Graphene fiber-based supercapacitors hold great promise as flexible energy-storage devices. However, simultaneously achieving high ion-transport ability in electrode and electrolyte layer, which is crucial for realizing the high electrochemical performance, still remains challenging. Here, a facile and effective strategy to solve the problem was proposed by developing a twisting-structured graphene/carbon nanotube (CNT) fiber supercapacitor via one-step wet-spinning process with customized multi-channel spinneret. The remarkable structure features of the resulting fiber supercapacitor with wrinkled and thin electrolyte layer, and well-developed porosity of fiber electrode favored the rapid infiltration and transport of electrolyte ions inside the electrode, as well as between electrode and electrolyte, thus boosting high specific capacitance of 187.6 mF cm⁻² and energy density of 30.2 µWh cm⁻², and featuring long cycling life (93% capacitance retention after 10,000 cycles) and excellent flexibility. Moreover, the specific capacitance and energy density could be further improved to 267.2 mF cm⁻² and 66.8 µWh cm⁻², respectively, when MnO₂ was incorporated into the fiber.
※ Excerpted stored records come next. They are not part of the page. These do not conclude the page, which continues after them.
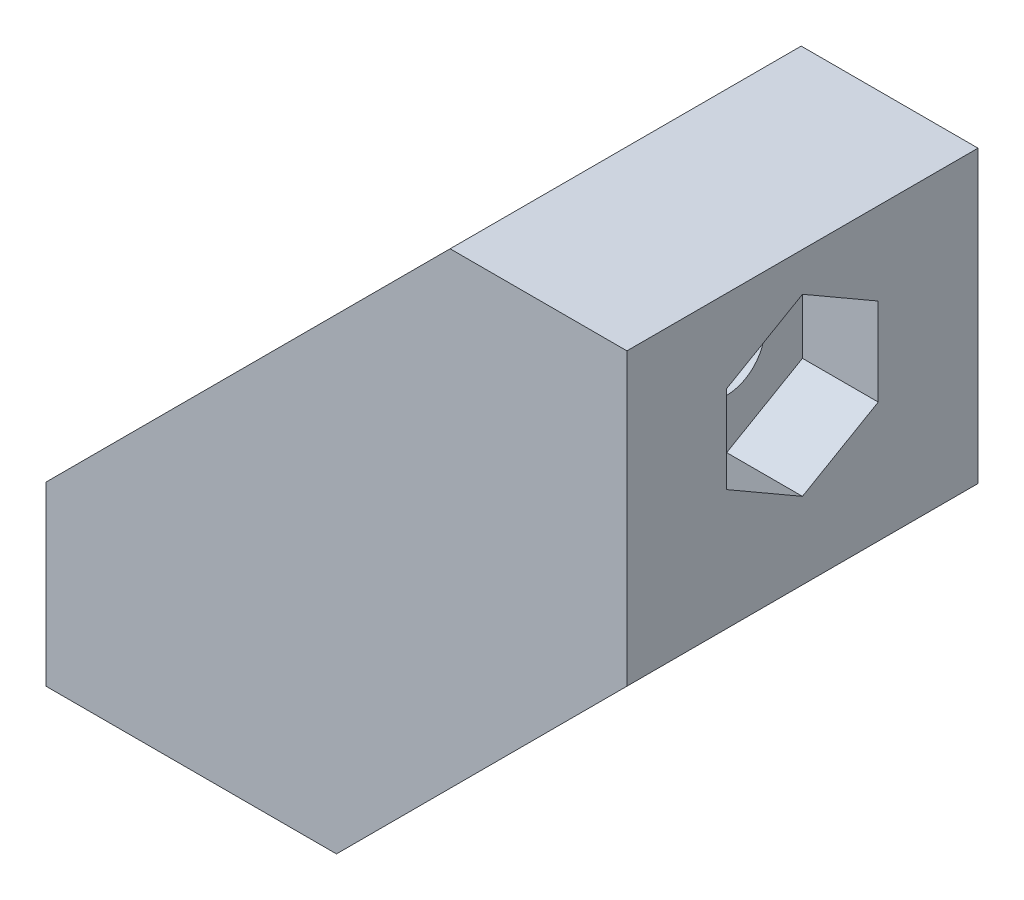
SolidWorks part; units mm, degrees
ref_plane "Front Plane" through (0, 0, 0) normal (0, 0, 1) x (1, 0, 0)
ref_plane "Top Plane" through (0, 0, 0) normal (0, 1, 0) x (1, 0, 0)
ref_plane "Right Plane" through (0, 0, 0) normal (1, 0, 0) x (0, 0, -1)
sketch "Sketch1" plane through (0, 0, 0) normal (0, 0, 1) x (1, 0, 0)
  line L0 (30, 0) -> (30, 6) construction
  line L2 (30, 0) -> (30, 8)
  line L3 (30, 8) -> (38, 8)
  line L5 (27, 0) -> (27, 6) construction
  line L6 (30, 0) -> (22, 0)
  line L8 (45, -7) -> (22, -7)
  line L9 (22, 0) -> (22, -7)
  line L11 (38, 8) -> (38, 16)
  line L12 (38, 16) -> (45, 16)
  line L13 (45, -7) -> (45, 16)
  line L14 (30, 6) -> (0, 6) construction
  line L15 (0, 0) -> (30, 0) construction
  line L16 (33.5, -7) -> (45, 4.5)
  dimension "D1" = 7
  dimension "D2" = 5
extrude "Boss-Extrude1" add sketch "Sketch1" against normal up to surface (7.9 mm away) contours L8 L16 L13 L12 L11 L3 L2 L6 L9 region at (35.0544, 2.9456, 0)
sketch "Sketch2" plane through (0, -7, 0) normal (0, -1, 0) x (1, 0, 0)
  circle A0 centre (27, -3.95) radius 1.5
  circle A1 centre (27, -3.95) radius 1.5 construction
extrude "Cut-Extrude1" cut sketch "Sketch2" against normal through all
sketch "Sketch3" plane through (38, -7, 0) normal (0, 1, 0) x (0, 0, -1)
  line L0 (0.95, 12.7321) -> (3.95, 14.4641)
  line L1 (3.95, 14.4641) -> (6.95, 12.7321)
  line L2 (6.95, 12.7321) -> (6.95, 9.2679)
  line L3 (6.95, 9.2679) -> (3.95, 7.5359)
  line L4 (3.95, 7.5359) -> (0.95, 9.2679)
  line L5 (0.95, 9.2679) -> (0.95, 12.7321)
  circle A0 centre (3.95, 11) radius 3.4641 construction
  circle A1 centre (3.95, 11) radius 1.5 construction
  point P7 (6.8792, 12.8492)
  point P10 (0, 0)
  dimension "D1" = 6
extrude "Cut-Extrude3" cut sketch "Sketch3" along normal blind 3
ref_plane "Plane1" through (19, 19, 0) normal (0.7071, 0.7071, 0) x (0.7071, -0.7071, 0)
sketch "Sketch4" plane through (0, 0, 0) normal (0, 0, 1) x (1, 0, 0)
  line L0 (22, 0) -> (38, 16)
  line L9 (22, -7) -> (33.5, -7)
  line L10 (33.5, -7) -> (45, 4.5)
  line L11 (45, 4.5) -> (45, 16)
  line L12 (45, 16) -> (38, 16)
  line L13 (38, 16) -> (38, 8)
  line L14 (38, 8) -> (30, 8)
  line L15 (30, 8) -> (30, 0)
  line L16 (30, 0) -> (22, 0)
  line L17 (22, 0) -> (22, -7)
  line L18 (22, -7) -> (33.5, -7)
  line L19 (33.5, -7) -> (45, 4.5)
  line L20 (45, 4.5) -> (45, 16)
  line L21 (45, 16) -> (38, 16)
  line L26 (22, 0) -> (22, -7)
  dimension "D1" = 0
extrude "Boss-Extrude2" add sketch "Sketch4" along normal blind 3
extrude "Boss-Extrude3" add sketch "Sketch4<3>" against normal blind 3 from surface starting at face at (33.7222, 4.2778, -7.9)
sketch "Sketch4<3>" plane through (0, 0, 0) normal (0, 0, 1) x (1, 0, 0) same geometry as "Sketch4"
sketch "Sketch5" plane through (0, 0, 0) normal (0, 1, 0) x (1, 0, 0)
  line L0 (22, 10.9) -> (22, 7.9) construction
  line L1 (22, 8.2) -> (30.3048, 8.2)
  line L2 (22, 8.2) -> (22, -0.3)
  line L3 (22, -0.3) -> (30.3048, -0.3)
  line L4 (30.3048, 8.2) -> (30.3048, -0.3)
  line L5 (30, 7.9) -> (22, 7.9) construction
  line L7 (30, 7.9) -> (30, 0) construction
  line L8 (30, 3.95) -> (30.3048, 3.95) construction
  dimension "D1" = 0.3
  dimension "D2" = 0.3048
extrude "Cut-Extrude4" cut sketch "Sketch5" along normal through all
mirror "Mirror1" about plane through (19, 19, 0) normal (0.7071, 0.7071, 0) of "Cut-Extrude4", "Cut-Extrude1", "Cut-Extrude3"
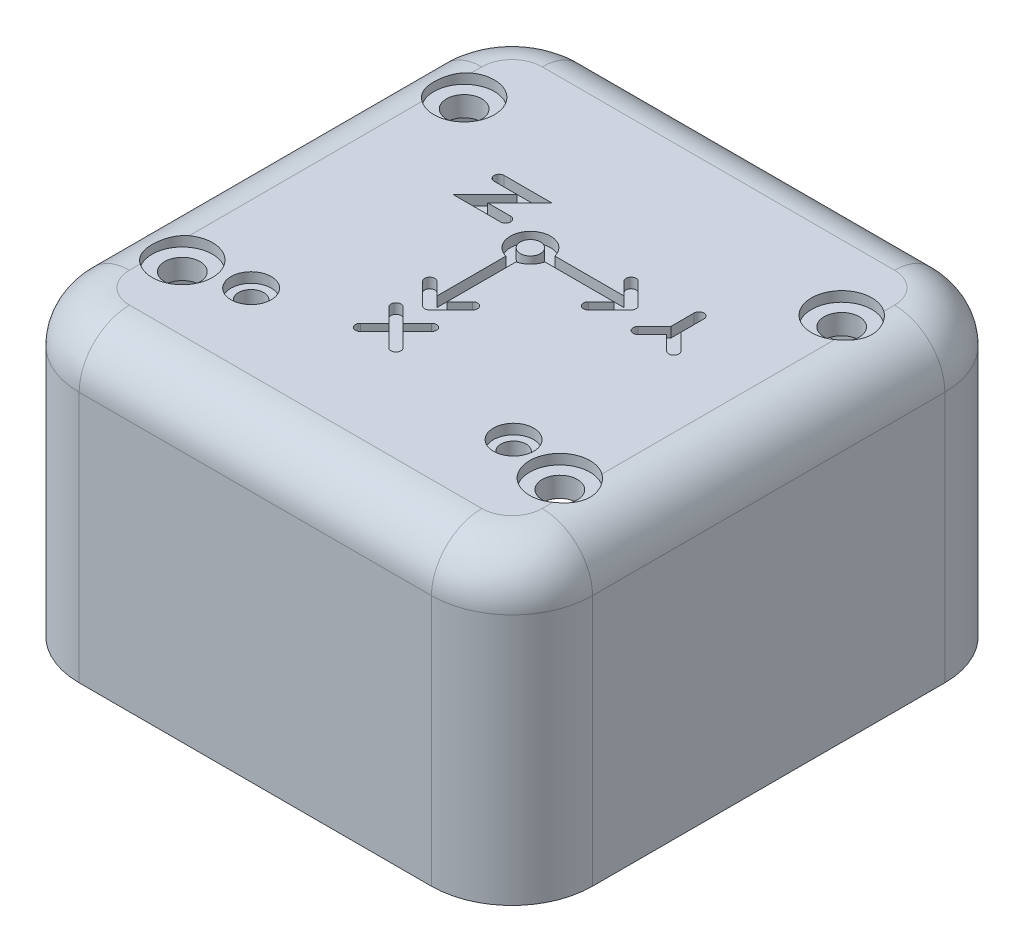
SolidWorks part; units mm, degrees
ref_plane "Front Plane" through (0, 0, 0) normal (0, 0, 1) x (1, 0, 0)
ref_plane "Top Plane" through (0, 0, 0) normal (0, 1, 0) x (1, 0, 0)
ref_plane "Right Plane" through (0, 0, 0) normal (1, 0, 0) x (0, 0, -1)
sketch "Sketch1" plane through (0, 0, 0) normal (0, 1, 0) x (1, 0, 0)
  line L1 (8, 0) -> (43, 0)
  line L2 (0, 8) -> (0, 43)
  line L3 (8, 51) -> (43, 51)
  line L4 (51, 8) -> (51, 43)
  arc A0 (43, 51) -> (51, 43) centre (43, 43) cw
  arc A1 (43, 0) -> (51, 8) centre (43, 8) ccw
  arc A2 (8, 0) -> (0, 8) centre (8, 8) cw
  arc A3 (0, 43) -> (8, 51) centre (8, 43) cw
  point P7 (51, 51)
  point P10 (51, 0)
  point P13 (0, 0)
  point P16 (0, 51)
  dimension "D3" = 8
  dimension "D1" = 51
  dimension "D2" = 51
extrude "Boss-Extrude1" add sketch "Sketch1" along normal blind 30
sketch "Sketch2" plane through (0, 0, 0) normal (0, -1, 0) x (1, 0, 0)
  line L0 (8, 0) -> (43, 0) construction
  line L1 (8, -2) -> (43, -2)
  line L2 (2, -8) -> (2, -43)
  line L3 (8, -49) -> (43, -49)
  line L4 (49, -8) -> (49, -43)
  line L5 (51, -8) -> (51, -43) construction
  line L6 (43, -51) -> (8, -51) construction
  line L7 (0, -43) -> (0, -8) construction
  arc A0 (43, -49) -> (49, -43) centre (43, -43) ccw
  arc A1 (2, -43) -> (8, -49) centre (8, -43) ccw
  arc A2 (43, -2) -> (49, -8) centre (43, -8) cw
  arc A3 (8, -2) -> (2, -8) centre (8, -8) ccw
  dimension "D5" = 6
  dimension "D1" = 2
  dimension "D2" = 2
  dimension "D3" = 2
  dimension "D4" = 2
extrude "Cut-Extrude1" cut sketch "Sketch2" against normal blind 27
sketch "Sketch3" plane through (0, 27, 0) normal (0, -1, 0) x (1, 0, 0)
  line L0 (43, -2) -> (8, -2) construction
  line L1 (9.5, -3.5) -> (41.5, -3.5) construction
  line L2 (3.5, -9.5) -> (3.5, -41.5) construction
  line L3 (9.5, -47.5) -> (41.5, -47.5) construction
  line L4 (47.5, -9.5) -> (47.5, -41.5) construction
  line L5 (2, -8) -> (2, -43) construction
  line L6 (8, -49) -> (43, -49) construction
  line L7 (49, -43) -> (49, -8) construction
  line L8 (25.5, -3.5) -> (25.5, -47.5) construction
  line L21 (3.5, -25.5) -> (47.5, -25.5) construction
  line L23 (9.915, -49) -> (41.085, -49) construction
  line L24 (9.915, -49) -> (9.915, -10) construction
  line L25 (9.915, -10) -> (41.085, -10) construction
  line L26 (41.085, -49) -> (41.085, -10) construction
  arc A0 (41.5, -3.5) -> (47.5, -9.5) centre (41.5, -9.5) cw construction
  arc A1 (41.5, -47.5) -> (47.5, -41.5) centre (41.5, -41.5) ccw construction
  arc A2 (3.5, -41.5) -> (9.5, -47.5) centre (9.5, -41.5) ccw construction
  arc A3 (9.5, -3.5) -> (3.5, -9.5) centre (9.5, -9.5) ccw construction
  circle A4 centre (6.75, -11.5) radius 3.25 construction
  circle A5 centre (6.75, -11.5) radius 1.75
  circle A6 centre (44.25, -11.5) radius 3.25 construction
  circle A7 centre (44.25, -11.5) radius 1.75
  circle A8 centre (44.25, -39.5) radius 3.25 construction
  circle A9 centre (44.25, -39.5) radius 1.75
  circle A10 centre (6.75, -39.5) radius 3.25 construction
  circle A11 centre (6.75, -39.5) radius 1.75
  circle A12 centre (38.655, -12.5) radius 1.25
  circle A13 centre (12.585, -12.5) radius 1.25
  dimension "D5" = 6
  dimension "D6" = 6.5
  dimension "D8" = 3.5
  dimension "D13" = 2.5
  dimension "D16" = 2.5
  dimension "D18" = 26.07
  dimension "D1" = 1.5
  dimension "D2" = 1.5
  dimension "D3" = 1.5
  dimension "D4" = 1.5
  dimension "D7" = 3.25
  dimension "D9" = 8
  dimension "D10" = 31.17
  dimension "D11" = 39
  dimension "D12" = 15.585
  dimension "D14" = 2.43
  dimension "D15" = 2.5
  dimension "D17" = 2.5
extrude "Cut-Extrude2" cut sketch "Sketch3" against normal blind 3
sketch "Sketch4" plane through (0, 30, 0) normal (0, 1, 0) x (1, 0, 0)
  circle A0 centre (44.25, 39.5) radius 3
  circle A1 centre (6.75, 39.5) radius 3
  circle A2 centre (6.75, 11.5) radius 3
  circle A3 centre (12.585, 12.5) radius 2
  circle A4 centre (38.655, 12.5) radius 2
  circle A5 centre (44.25, 11.5) radius 3
  dimension "D1" = 6
  dimension "D2" = 6
  dimension "D3" = 6
  dimension "D4" = 6
  dimension "D5" = 4
  dimension "D6" = 4
extrude "Cut-Extrude3" cut sketch "Sketch4" against normal blind 1
sketch "Sketch5" plane through (0, 0, -49) normal (0, 0, 1) x (1, 0, 0)
  line L0 (8, 15) -> (43, 15) construction
  line L1 (8, 27) -> (8, 0) construction
  line L2 (43, 27) -> (43, 0) construction
  line L3 (8, 27) -> (43, 27) construction
  line L4 (9.915, 15) -> (9.915, 27) construction
  line L5 (17.585, 18) -> (34.085, 18)
  line L6 (16.585, 17) -> (16.585, 15)
  line L7 (17.585, 14) -> (34.085, 14)
  line L8 (35.085, 17) -> (35.085, 15)
  line L9 (41.085, 15) -> (41.085, 27) construction
  line L10 (25.5, 27) -> (25.5, 15) construction
  arc A0 (34.085, 18) -> (35.085, 17) centre (34.085, 17) cw
  arc A1 (34.085, 14) -> (35.085, 15) centre (34.085, 15) ccw
  arc A2 (16.585, 15) -> (17.585, 14) centre (17.585, 15) ccw
  arc A3 (17.585, 18) -> (16.585, 17) centre (17.585, 17) ccw
  point P20 (35.085, 18)
  point P25 (16.585, 14)
  point P28 (16.585, 18)
  dimension "D8" = 1
  dimension "D1" = 12
  dimension "D2" = 4
  dimension "D3" = 1
  dimension "D4" = 18.5
  dimension "D5" = 15.585
  dimension "D6" = 15.585
  dimension "D7" = 6
extrude "Cut-Extrude4" cut sketch "Sketch5" against normal blind 2
fillet "Fillet1" radius 5 8 edges at (48.6569, 30, -2.3431) (25.5, 30, 0) (2.3431, 30, -2.3431) (0, 30, -25.5) (2.3431, 30, -48.6569) (25.5, 30, -51) (48.6569, 30, -48.6569) (51, 30, -25.5)
fillet "Fillet2" radius 1.5 8 edges at (47.2426, 27, -47.2426) (25.5, 27, -49) (3.7574, 27, -47.2426) (2, 27, -25.5) (3.7574, 27, -3.7574) (25.5, 27, -2) (47.2426, 27, -3.7574) (49, 27, -25.5)
sketch "Sketch6" plane through (0, 30, 0) normal (0, 1, 0) x (1, 0, 0)
  line L1 (24.9204, 29.3484) -> (31.7768, 29.3484)
  line L2 (24.9204, 30.3484) -> (31.7768, 30.3484)
  line L3 (23.1569, 17.0253) -> (21.7427, 18.4395)
  line L4 (23.4839, 27.9119) -> (23.4839, 21.0555)
  line L8 (23.3375, 19.4949) -> (25.4588, 21.6162)
  line L9 (22.4839, 21.0555) -> (21.2162, 22.3233)
  line L10 (31.7768, 29.3484) -> (30.509, 28.0807)
  line L11 (33.3375, 30.202) -> (31.2162, 32.3233)
  line L14 (23.4839, 21.0555) -> (24.7517, 22.3233)
  line L15 (22.6304, 19.4949) -> (20.509, 21.6162)
  line L16 (33.3375, 29.4949) -> (31.2162, 27.3736)
  line L17 (31.7768, 30.3484) -> (30.509, 31.6162)
  line L18 (22.4839, 27.9119) -> (22.4839, 21.0555)
  line L24 (25.2782, 14.904) -> (23.864, 16.3182)
  line L25 (21.7427, 14.1969) -> (23.1569, 15.6111)
  line L26 (39.3465, 28.435) -> (37.7252, 30.0564)
  line L27 (36.7252, 30.0564) -> (35.1039, 28.435)
  line L28 (37.7252, 30.0564) -> (37.7252, 32.3493)
  line L29 (19.277, 31.5842) -> (16.9841, 31.5842)
  line L30 (16.9841, 31.5842) -> (20.1661, 34.7662)
  line L31 (20.1661, 34.7662) -> (15.4553, 34.7662)
  line L32 (24.5711, 14.1969) -> (23.1569, 15.6111)
  line L33 (21.0356, 14.904) -> (22.4498, 16.3182)
  line L34 (38.6394, 27.7279) -> (37.2252, 29.1421)
  line L35 (37.2252, 29.1421) -> (35.811, 27.7279)
  line L36 (36.7252, 30.0564) -> (36.7252, 32.3493)
  line L37 (19.277, 30.5842) -> (14.5699, 30.5842)
  line L38 (14.5699, 30.5842) -> (17.7519, 33.7662)
  line L39 (17.7519, 33.7662) -> (15.4553, 33.7662)
  line L41 (23.864, 16.3182) -> (25.2782, 17.7324)
  line L45 (23.1569, 17.0253) -> (24.5711, 18.4395)
  line L47 (22.4498, 16.3182) -> (21.0356, 17.7324)
  arc A1 (23.4839, 27.9119) -> (24.9204, 29.3484) centre (22.9839, 29.8484) ccw
  circle A2 centre (22.9839, 29.8484) radius 1
  arc A3 (33.3375, 30.202) -> (33.3375, 29.4949) centre (32.9839, 29.8484) cw
  arc A4 (22.6304, 19.4949) -> (23.3375, 19.4949) centre (22.9839, 19.8484) ccw
  arc A5 (23.3375, 19.4949) -> (22.6304, 19.4949) centre (22.9839, 19.8484) cw
  arc A6 (25.4588, 21.6162) -> (24.7517, 22.3233) centre (25.1052, 21.9698) ccw
  arc A7 (23.3375, 19.4949) -> (22.6304, 19.4949) centre (22.9839, 19.8484) cw
  arc A8 (21.2162, 22.3233) -> (20.509, 21.6162) centre (20.8626, 21.9698) ccw
  arc A9 (33.3375, 30.202) -> (33.3375, 29.4949) centre (32.9839, 29.8484) cw
  arc A10 (30.509, 28.0807) -> (31.2162, 27.3736) centre (30.8626, 27.7271) ccw
  arc A11 (33.3375, 30.202) -> (33.3375, 29.4949) centre (32.9839, 29.8484) cw
  arc A12 (31.2162, 32.3233) -> (30.509, 31.6162) centre (30.8626, 31.9698) ccw
  arc A13 (25.2782, 14.904) -> (24.5711, 14.1969) centre (24.9247, 14.5504) cw
  arc A14 (24.9204, 30.3484) -> (22.4839, 27.9119) centre (22.9839, 29.8484) ccw
  arc A15 (21.7427, 18.4395) -> (21.0356, 17.7324) centre (21.3891, 18.086) ccw
  arc A16 (21.7427, 14.1969) -> (21.0356, 14.904) centre (21.3891, 14.5504) cw
  arc A17 (25.2782, 17.7324) -> (24.5711, 18.4395) centre (24.9247, 18.086) ccw
  arc A18 (39.3465, 28.435) -> (38.6394, 27.7279) centre (38.993, 28.0815) cw
  arc A21 (35.1039, 28.435) -> (35.811, 27.7279) centre (35.4574, 28.0815) ccw
  arc A23 (37.7252, 32.3493) -> (36.7252, 32.3493) centre (37.2252, 32.3493) ccw
  arc A24 (19.277, 31.5842) -> (19.277, 30.5842) centre (19.277, 31.0842) cw
  arc A25 (15.4553, 34.7662) -> (15.4553, 33.7662) centre (15.4553, 34.2662) ccw
extrude "Cut-Extrude5" cut sketch "Sketch6" against normal blind 1 contours L2 A14 L18 L9 A8 L15 A4 L8 A6 L14 L4 A1 L1 L10 A10 L16 A3 L11 A12 L17 A2 | L31 A25 L39 L38 L37 A24 L29 L30 | L28 A23 L36 L27 A21 L35 L34 A18 L26 | L41 A17 L45 L3 A15 L47 L33 A16 L25 L32 A13 L24 region at (24.2669, 30, -28.5654) region at (23.1569, 30, -16.3182) region at (37.2252, 30, -29.6457) region at (17.3673, 30, -32.6757)
sketch "Sketch7" plane through (0, 0, -51) normal (0, 0, -1) x (-1, 0, 0)
  line L0 (-16.585, 17) -> (-16.585, 15) construction
  line L1 (-35.085, 23) -> (-16.585, 23)
  line L2 (-40.085, 18) -> (-40.085, 14)
  line L3 (-35.085, 9) -> (-16.585, 9)
  line L4 (-11.585, 18) -> (-11.585, 14)
  line L5 (-35.085, 15) -> (-35.085, 17) construction
  line L6 (-34.085, 18) -> (-17.585, 18) construction
  line L7 (-17.585, 14) -> (-34.085, 14) construction
  arc A0 (-16.585, 23) -> (-11.585, 18) centre (-16.585, 18) cw
  arc A1 (-16.585, 9) -> (-11.585, 14) centre (-16.585, 14) ccw
  arc A2 (-40.085, 14) -> (-35.085, 9) centre (-35.085, 14) ccw
  arc A3 (-35.085, 23) -> (-40.085, 18) centre (-35.085, 18) ccw
  dimension "D5" = 5
  dimension "D1" = 5
  dimension "D2" = 5
  dimension "D3" = 5
  dimension "D4" = 5
extrude "Cut-Extrude6" cut sketch "Sketch7" against normal blind 0.8

石墨烯纤维基超级电容器作为灵活的储能设备具有广阔的前景。然而，在电极和电解质层中同时实现高离子传输能力，这对于实现高电化学性能至关重要，仍然具有挑战性。在此，通过定制多通道喷丝头的一步湿纺工艺开发了一种加捻结构的石墨烯/碳纳米管（CNT）纤维超级电容器，提出了一种解决该问题的简便有效的策略。所得的具有皱褶和薄电解质层的纤维超级电容器的显着结构特征以及纤维电极的良好孔隙率有利于电解质离子在电极内部以及电极与电解质之间的快速渗透和传输，^-2和30.2 µWh cm ^-2的能量密度，并具有长循环寿命（10,000次循环后93％的电容保持率）和出色的柔韧性。此外，比电容和能量密度可进一步提高到267.2 mF及其厘米^-2和66.8μWh厘米^-2，分别当的MnO ₂被编入纤维。